There have been many cases where investors have been deceived into their hard-earned savings because they did not perform their due diligence before investing. This was also because a lot of cryptocurrency exchanges allow the listing and trading of unverified and non-audit cryptocurrencies.

However, this issue is addressed to some extent by many cryptocurrency exchange platforms. They have made their KYC process more stringent and are also conducting audits of public crypto projects on their exchange so that frauds like this do not recur in the future.
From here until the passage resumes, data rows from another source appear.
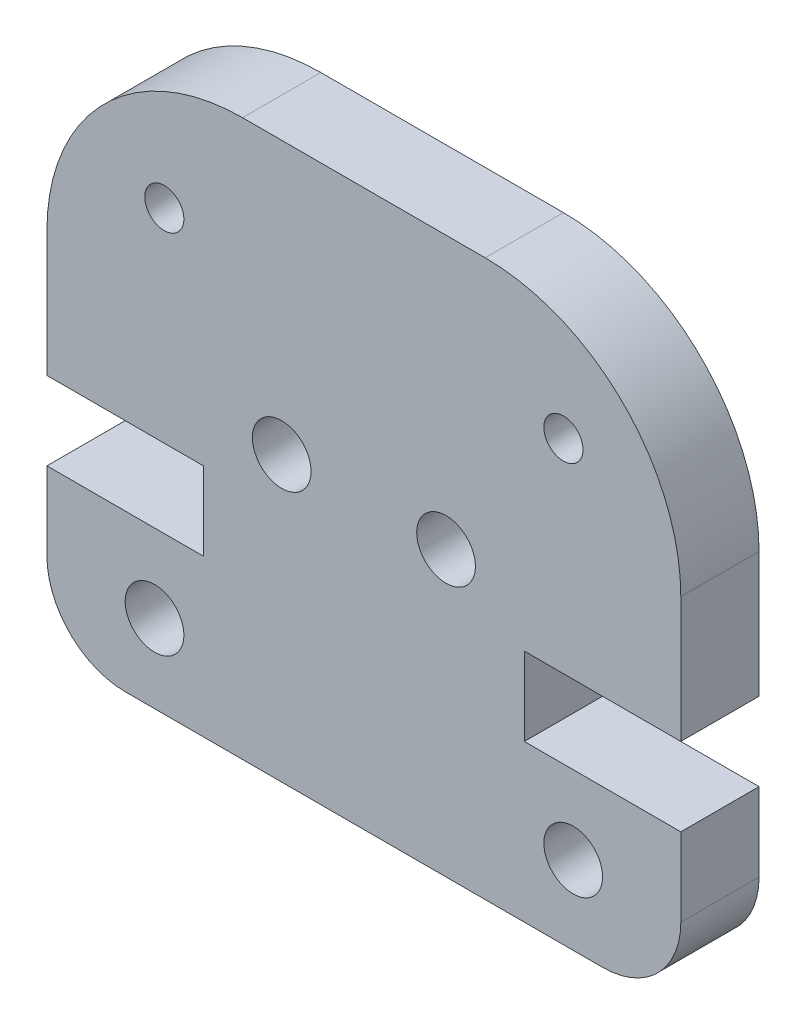
from build123d import *

# Parameters (mm, degrees)
SKETCH1_R           = 0.75
SKETCH1_R_2         = 0.5
BOSS_EXTRUDE1_DEPTH = 2


with BuildPart() as part:
    # Sketch1 → Boss-Extrude1 (new body)
    with BuildSketch(Plane.XY):
        with BuildLine():
            Line((12.2, 4), (16.2, 4))
            Line((16.2, 4), (16.2, 2))
            ThreePointArc((16.2, 2), (15.614213562, 0.585786438), (14.2, 0))
            Line((14.2, 0), (2, 0))
            ThreePointArc((2, 0), (0.585786438, 0.585786438), (0, 2))
            Line((0, 2), (0, 4))
            Line((0, 4), (4, 4))
            Line((4, 4), (4, 6))
            Line((4, 6), (0, 6))
            Line((0, 6), (0, 9.205))
            ThreePointArc((0, 9.205), (1.464466094, 12.740533906), (5, 14.205))
            Line((5, 14.205), (11.2, 14.205))
            ThreePointArc((11.2, 14.205), (14.735533906, 12.740533906), (16.2, 9.205))
            Line((16.2, 9.205), (16.2, 6))
            Line((16.2, 6), (12.2, 6))
            Line((12.2, 6), (12.2, 4))
        make_face()
        with Locations((13.45, 2)):
            Circle(SKETCH1_R, mode=Mode.SUBTRACT)
        with Locations((13.2, 11.205)):
            Circle(SKETCH1_R_2, mode=Mode.SUBTRACT)
        with Locations((10.2, 7.25)):
            Circle(SKETCH1_R, mode=Mode.SUBTRACT)
        with Locations((6, 7.25)):
            Circle(SKETCH1_R, mode=Mode.SUBTRACT)
        with Locations((3, 11.205)):
            Circle(SKETCH1_R_2, mode=Mode.SUBTRACT)
        with Locations((2.75, 2)):
            Circle(SKETCH1_R, mode=Mode.SUBTRACT)
    extrude(amount=BOSS_EXTRUDE1_DEPTH)


solid = part.part

“Rug-pull scams like the famous Squid gaming token that rose to astronomical levels only to later plummet had an anti-dumping mechanism. Investors should stay away from launching new tokens that promise unrealistic gains. It is important to take a look at Tokens for new token projects and carefully evaluate the “use case” and “token speed (times of token rotations in a given period)” to give an informed opinion.” said Sharrat Chandra, a blockchain and emerging technology expert and advisor to blockchain startups.

What should investors do?
Some of these errors are now being addressed by many crypto exchanges and stakeholders. Jack Dorsey, the former CEO of Twitter recently expressed his desire to create a hardware-based Bitcoin wallet for more secure transactions. Binance also recently announced a partnership with CertiK, an exchange-listed crypto-audit firm to audit projects based on the ERC-20 and BEP-20 protocols.
What cryptocurrency investors can do on their part is store the purchased crypto tokens in cold wallets (hardware dependent) so that they don’t get hacked.
“Some exchanges use multi-signature cold wallets to hold digital assets securely, and self-hosted wallets are the most secure option for holding digital assets,” Chandra says.
“With the cryptocurrency market unregulated, and more than 80 percent of the cryptocurrencies we see today maintaining their prices based on hype and speculation, whenever we see a bear market cycle, most of it can become worthless,” Malvia said.